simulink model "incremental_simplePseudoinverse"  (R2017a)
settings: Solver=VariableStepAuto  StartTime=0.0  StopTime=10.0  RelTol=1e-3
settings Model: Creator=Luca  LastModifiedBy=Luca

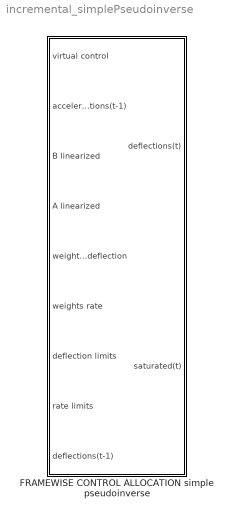
== system incremental_simplePseudoinverse ==
  FRAMEWISE CONTROL ALLOCATION simple pseudoinverse : Subsystem

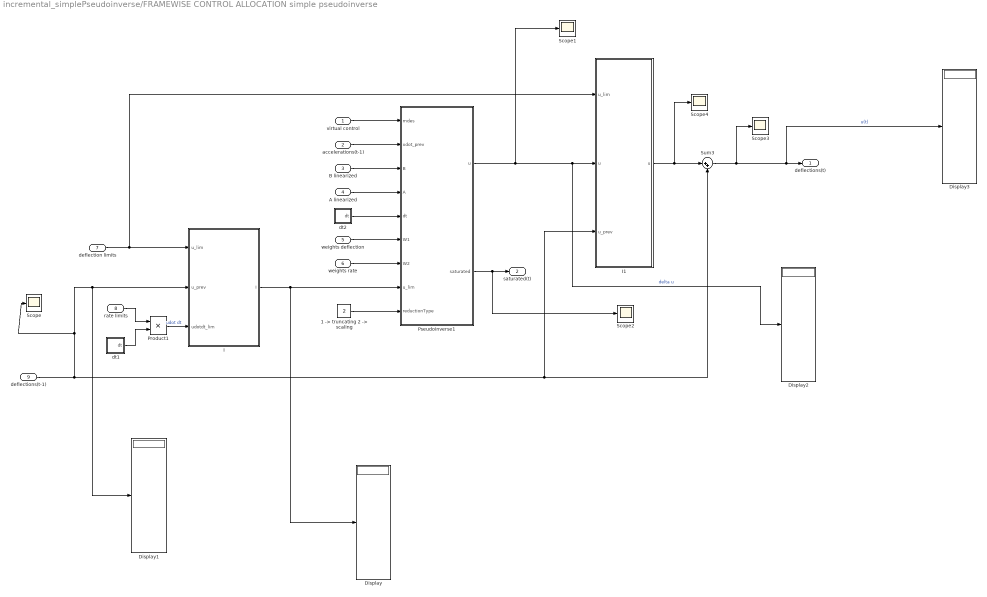
== system incremental_simplePseudoinverse/FRAMEWISE CONTROL ALLOCATION simple pseudoinverse ==
  virtual control : Inport
  "accelerations(t-1) " : Inport  Port=2
  B linearized : Inport  Port=3
  A linearized : Inport  Port=4
  weights deflection : Inport  Port=5
  weights rate : Inport  Port=6
  deflection limits : Inport  Port=7
  rate limits : Inport  Port=8
  deflections(t-1) : Inport  Port=9
  "1 -> truncating 2 -> scaling" : Constant  Value=2
  Display{,1..3} (4 alike) : Display
  I : MATLAB Function  TreatAsAtomicUnit=on
  I1 : MATLAB Function  TreatAsAtomicUnit=on
  Product1 : Product
  Pseudoinverse1 : MATLAB Function  TreatAsAtomicUnit=on
  Scope{,1..4} (5 alike) : Scope
  Sum3 : Sum  Inputs=|++
  dt1 : Subsystem
  dt2 : Subsystem
  deflections(t) : Outport
  saturated(t) : Outport  Port=2
  wires:
  I/1(I) -> Display/1, Pseudoinverse1/8(u_lim)
  Product1/1 -> I/3(udotdt_lim)  "udot dt"
  rate limits/1 -> Product1/1
  deflection limits/1 -> I/1(u_lim), I1/1(u_lim)
  weights deflection/1 -> Pseudoinverse1/6(W1)
  "1 -> truncating 2 -> scaling"/1 -> Pseudoinverse1/9(reductionType)
  virtual control/1 -> Pseudoinverse1/1(mdes)
  dt2/1(dt) -> Pseudoinverse1/5(dt)
  A linearized/1 -> Pseudoinverse1/4(A)
  dt1/1(dt) -> Product1/2
  Pseudoinverse1/2(saturated) -> Scope2/1, saturated(t)/1
  deflections(t-1)/1 -> Sum3/2, I1/3(u_prev), Display1/1, I/2(u_prev), Scope/1
  I1/1(u) -> Scope4/1, Sum3/1
  Pseudoinverse1/1(u) -> Scope1/1, Display2/1, I1/2("u ")  "delta u"
  Sum3/1 -> Scope3/1, Display3/1, deflections(t)/1  "u(t)"
  B linearized/1 -> Pseudoinverse1/3(B)
  weights rate/1 -> Pseudoinverse1/7(W2)
  "accelerations(t-1) "/1 -> Pseudoinverse1/2(xdot_prev)

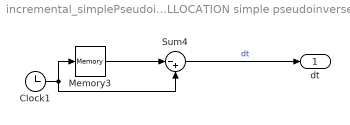
== system incremental_simplePseudoinverse/FRAMEWISE CONTROL ALLOCATION simple pseudoinverse/dt1 ==
  Clock1 : Clock
  Memory3 : Memory
  Sum4 : Sum  Inputs=|-+
  dt : Outport
  wires:
  Clock1/1 -> Sum4/2, Memory3/1
  Memory3/1 -> Sum4/1
  Sum4/1 -> dt/1  "dt"

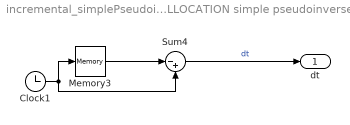
== system incremental_simplePseudoinverse/FRAMEWISE CONTROL ALLOCATION simple pseudoinverse/dt2 ==
  Clock1 : Clock
  Memory3 : Memory
  Sum4 : Sum  Inputs=|-+
  dt : Outport
  wires:
  Clock1/1 -> Sum4/2, Memory3/1
  Memory3/1 -> Sum4/1
  Sum4/1 -> dt/1  "dt"

== matlab function incremental_simplePseudoinverse/FRAMEWISE CONTROL ALLOCATION simple pseudoinverse/I ==
  data: u_lim input; u_prev input; udotdt_lim input; I output
function I = computeIntersection(u_lim, u_prev, udotdt_lim)
%check if the matrices are correct
    if not(isequal(size(u_lim,1),size(udotdt_lim,1), size(u_prev,1)))
        error ('input matrix dimensions do not match')
    end

%declare space of intersection
    I = zeros(length(u_lim),2);
    
    I(:,1) = max(-udotdt_lim, u_lim(:,1)-u_prev);
    I(:,2) = min(+udotdt_lim, u_lim(:,2)-u_prev);
    
end

== matlab function incremental_simplePseudoinverse/FRAMEWISE CONTROL ALLOCATION simple pseudoinverse/I1 ==
  data: u_lim input; u input; u output; u_prev input
function u = uCheck(u_lim, u, u_prev)
%check if the matrices are correct
    if not(isequal(size(u_lim,1), size(u,1)))
        error ('input matrix dimensions do not match')
    end

%if computation error occur, correct deflections
    for i = 1:length(u)
        if u(i)+u_prev(i) > u_lim(i,2)
            u(i) = u_lim(i,2)-u_prev(i);
        end
        if u(i)+u_prev(i) < u_lim(i,1)
            u(i) = u_lim(i,1)-u_prev(i);
        end    
    
end

== matlab function incremental_simplePseudoinverse/FRAMEWISE CONTROL ALLOCATION simple pseudoinverse/Pseudoinverse1 ==
  data: mdes input; xdot_prev input; u output; B input; A input; dt input; W1 input; W2 input; u_lim input; reductionType input; saturated output
function [u, saturated] = Pseudoinverse(mdes, xdot_prev, B, A, dt, W1, W2, u_lim, reductionType)
coder.varsize('u_index', 'Br', 'Wr', 'u_sat');

%check if the matrices are correct
    if not(isequal(size(u_lim,1),size(B,2),size(W1,1),size(W1,2),size(W2,1),size(W2,2))...
       && isequal(size(mdes,1),size(B,1),size(A,1),size(A,2),size(xdot_prev,1)))
        error ('input matrix dimensions do not match')
    end
    
%assign to every equation an index    
    I = eye(length(xdot_prev));
    
%compute the remaining moment to compensate
    m = mdes - (I + A*dt)*xdot_prev;
    
%check the type of system and then compute the pseudoinverse 1st step
    order = size(B,2)-size(B,1);

    if order > 0 %over-determined, solution that minimizes the 2norm
        u = inv(W1)*B'*inv(B*inv(W1)*B')*m;
%             W = power((power(W1,2) + power(W2,2)),1/2);
%             H = B*inv(W);
%             G = inv(W) * (H'*inv(H*H'));
%             II = eye(size(G*B,1));
%             F = (II - G*B)*power(inv(W),2)*power(W2,2);
%             u = inv(W)*B'*inv(B*inv(W)*B')*m;
    elseif order < 0 %under-determined, solution that minimizes the error
        u = inv(B'*B)*B'*m;   
    else %order = 0, sqared thus invertiBrle
        u = inv(B)*m;
    end

%deifne u_sat vector
    u_sat = zeros(length(u),1);
    
    saturated = 0;
%check if the first iteration solution is correct then return    
    if not(any(u <= u_lim(:,1))||any(u >= u_lim(:,2)))  
        return
    end
    
    saturated = 1;
%The software continues only if the solution has to be reduced
%reduce their value
    switch reductionType
        case 1 %truncation
            %takes note of which one are out of their bounds
                u_sat(u < u_lim(:,1)) = 1;
                u_sat(u > u_lim(:,2)) = 1;
                
            %trucate
                u = min(u, u_lim(:,2));
                u = max(u, u_lim(:,1));

        case 2 %scaling solution -> direction preserving
            %reduce
                a = zeros(length(u),1);

                for i = 1:length(u)
                    if u(i)>0
                       a(i) = abs(u(i)/u_lim(i,2));
                    elseif u(i)<0
                       a(i) = abs(u(i)/u_lim(i,1));
                    else
                       a(i) = 0; 
                    end          
                end
                a_max = max(a);
                a_max = max(a_max,1);
                u = u/a_max;
            
            %takes note of which one are out of their bounds
                u_sat(u == u_lim(:,2)) = 1;
                u_sat(u == u_lim(:,1)) = 1;
            
    end
    
return
    
end

☆ ☆ ☆ ☆

● **WHAT THE TASK ASKS**
Write out each entry word for word, images excluded.

● **SOLUTION FOR THIS EXERCISE**
simulink model "incremental_simplePseudoinverse"  (R2017a)
settings: Solver=VariableStepAuto  StartTime=0.0  StopTime=10.0  RelTol=1e-3
settings Model: Creator=Luca  LastModifiedBy=Luca

== system incremental_simplePseudoinverse ==
  FRAMEWISE CONTROL ALLOCATION simple pseudoinverse : Subsystem

== system incremental_simplePseudoinverse/FRAMEWISE CONTROL ALLOCATION simple pseudoinverse ==
  virtual control : Inport
  "accelerations(t-1) " : Inport  Port=2
  B linearized : Inport  Port=3
  A linearized : Inport  Port=4
  weights deflection : Inport  Port=5
  weights rate : Inport  Port=6
  deflection limits : Inport  Port=7
  rate limits : Inport  Port=8
  deflections(t-1) : Inport  Port=9
  "1 -> truncating 2 -> scaling" : Constant  Value=2
  Display{,1..3} (4 alike) : Display
  I : MATLAB Function  TreatAsAtomicUnit=on
  I1 : MATLAB Function  TreatAsAtomicUnit=on
  Product1 : Product
  Pseudoinverse1 : MATLAB Function  TreatAsAtomicUnit=on
  Scope{,1..4} (5 alike) : Scope
  Sum3 : Sum  Inputs=|++
  dt1 : Subsystem
  dt2 : Subsystem
  deflections(t) : Outport
  saturated(t) : Outport  Port=2
  wires:
  I/1(I) -> Display/1, Pseudoinverse1/8(u_lim)
  Product1/1 -> I/3(udotdt_lim)  "udot dt"
  rate limits/1 -> Product1/1
  deflection limits/1 -> I/1(u_lim), I1/1(u_lim)
  weights deflection/1 -> Pseudoinverse1/6(W1)
  "1 -> truncating 2 -> scaling"/1 -> Pseudoinverse1/9(reductionType)
  virtual control/1 -> Pseudoinverse1/1(mdes)
  dt2/1(dt) -> Pseudoinverse1/5(dt)
  A linearized/1 -> Pseudoinverse1/4(A)
  dt1/1(dt) -> Product1/2
  Pseudoinverse1/2(saturated) -> Scope2/1, saturated(t)/1
  deflections(t-1)/1 -> Sum3/2, I1/3(u_prev), Display1/1, I/2(u_prev), Scope/1
  I1/1(u) -> Scope4/1, Sum3/1
  Pseudoinverse1/1(u) -> Scope1/1, Display2/1, I1/2("u ")  "delta u"
  Sum3/1 -> Scope3/1, Display3/1, deflections(t)/1  "u(t)"
  B linearized/1 -> Pseudoinverse1/3(B)
  weights rate/1 -> Pseudoinverse1/7(W2)
  "accelerations(t-1) "/1 -> Pseudoinverse1/2(xdot_prev)

== system incremental_simplePseudoinverse/FRAMEWISE CONTROL ALLOCATION simple pseudoinverse/dt1 ==
  Clock1 : Clock
  Memory3 : Memory
  Sum4 : Sum  Inputs=|-+
  dt : Outport
  wires:
  Clock1/1 -> Sum4/2, Memory3/1
  Memory3/1 -> Sum4/1
  Sum4/1 -> dt/1  "dt"

== system incremental_simplePseudoinverse/FRAMEWISE CONTROL ALLOCATION simple pseudoinverse/dt2 ==
  Clock1 : Clock
  Memory3 : Memory
  Sum4 : Sum  Inputs=|-+
  dt : Outport
  wires:
  Clock1/1 -> Sum4/2, Memory3/1
  Memory3/1 -> Sum4/1
  Sum4/1 -> dt/1  "dt"

== matlab function incremental_simplePseudoinverse/FRAMEWISE CONTROL ALLOCATION simple pseudoinverse/I ==
  data: u_lim input; u_prev input; udotdt_lim input; I output
function I = computeIntersection(u_lim, u_prev, udotdt_lim)
%check if the matrices are correct
    if not(isequal(size(u_lim,1),size(udotdt_lim,1), size(u_prev,1)))
        error ('input matrix dimensions do not match')
    end

%declare space of intersection
    I = zeros(length(u_lim),2);
    
    I(:,1) = max(-udotdt_lim, u_lim(:,1)-u_prev);
    I(:,2) = min(+udotdt_lim, u_lim(:,2)-u_prev);
    
end

== matlab function incremental_simplePseudoinverse/FRAMEWISE CONTROL ALLOCATION simple pseudoinverse/I1 ==
  data: u_lim input; u input; u output; u_prev input
function u = uCheck(u_lim, u, u_prev)
%check if the matrices are correct
    if not(isequal(size(u_lim,1), size(u,1)))
        error ('input matrix dimensions do not match')
    end

%if computation error occur, correct deflections
    for i = 1:length(u)
        if u(i)+u_prev(i) > u_lim(i,2)
            u(i) = u_lim(i,2)-u_prev(i);
        end
        if u(i)+u_prev(i) < u_lim(i,1)
            u(i) = u_lim(i,1)-u_prev(i);
        end    
    
end

== matlab function incremental_simplePseudoinverse/FRAMEWISE CONTROL ALLOCATION simple pseudoinverse/Pseudoinverse1 ==
  data: mdes input; xdot_prev input; u output; B input; A input; dt input; W1 input; W2 input; u_lim input; reductionType input; saturated output
function [u, saturated] = Pseudoinverse(mdes, xdot_prev, B, A, dt, W1, W2, u_lim, reductionType)
coder.varsize('u_index', 'Br', 'Wr', 'u_sat');

%check if the matrices are correct
    if not(isequal(size(u_lim,1),size(B,2),size(W1,1),size(W1,2),size(W2,1),size(W2,2))...
       && isequal(size(mdes,1),size(B,1),size(A,1),size(A,2),size(xdot_prev,1)))
        error ('input matrix dimensions do not match')
    end
    
%assign to every equation an index    
    I = eye(length(xdot_prev));
    
%compute the remaining moment to compensate
    m = mdes - (I + A*dt)*xdot_prev;
    
%check the type of system and then compute the pseudoinverse 1st step
    order = size(B,2)-size(B,1);

    if order > 0 %over-determined, solution that minimizes the 2norm
        u = inv(W1)*B'*inv(B*inv(W1)*B')*m;
%             W = power((power(W1,2) + power(W2,2)),1/2);
%             H = B*inv(W);
%             G = inv(W) * (H'*inv(H*H'));
%             II = eye(size(G*B,1));
%             F = (II - G*B)*power(inv(W),2)*power(W2,2);
%             u = inv(W)*B'*inv(B*inv(W)*B')*m;
    elseif order < 0 %under-determined, solution that minimizes the error
        u = inv(B'*B)*B'*m;   
    else %order = 0, sqared thus invertiBrle
        u = inv(B)*m;
    end

%deifne u_sat vector
    u_sat = zeros(length(u),1);
    
    saturated = 0;
%check if the first iteration solution is correct then return    
    if not(any(u <= u_lim(:,1))||any(u >= u_lim(:,2)))  
        return
    end
    
    saturated = 1;
%The software continues only if the solution has to be reduced
%reduce their value
    switch reductionType
        case 1 %truncation
            %takes note of which one are out of their bounds
                u_sat(u < u_lim(:,1)) = 1;
                u_sat(u > u_lim(:,2)) = 1;
                
            %trucate
                u = min(u, u_lim(:,2));
                u = max(u, u_lim(:,1));

        case 2 %scaling solution -> direction preserving
            %reduce
                a = zeros(length(u),1);

                for i = 1:length(u)
                    if u(i)>0
                       a(i) = abs(u(i)/u_lim(i,2));
                    elseif u(i)<0
                       a(i) = abs(u(i)/u_lim(i,1));
                    else
                       a(i) = 0; 
                    end          
                end
                a_max = max(a);
                a_max = max(a_max,1);
                u = u/a_max;
            
            %takes note of which one are out of their bounds
                u_sat(u == u_lim(:,2)) = 1;
                u_sat(u == u_lim(:,1)) = 1;
            
    end
    
return
    
end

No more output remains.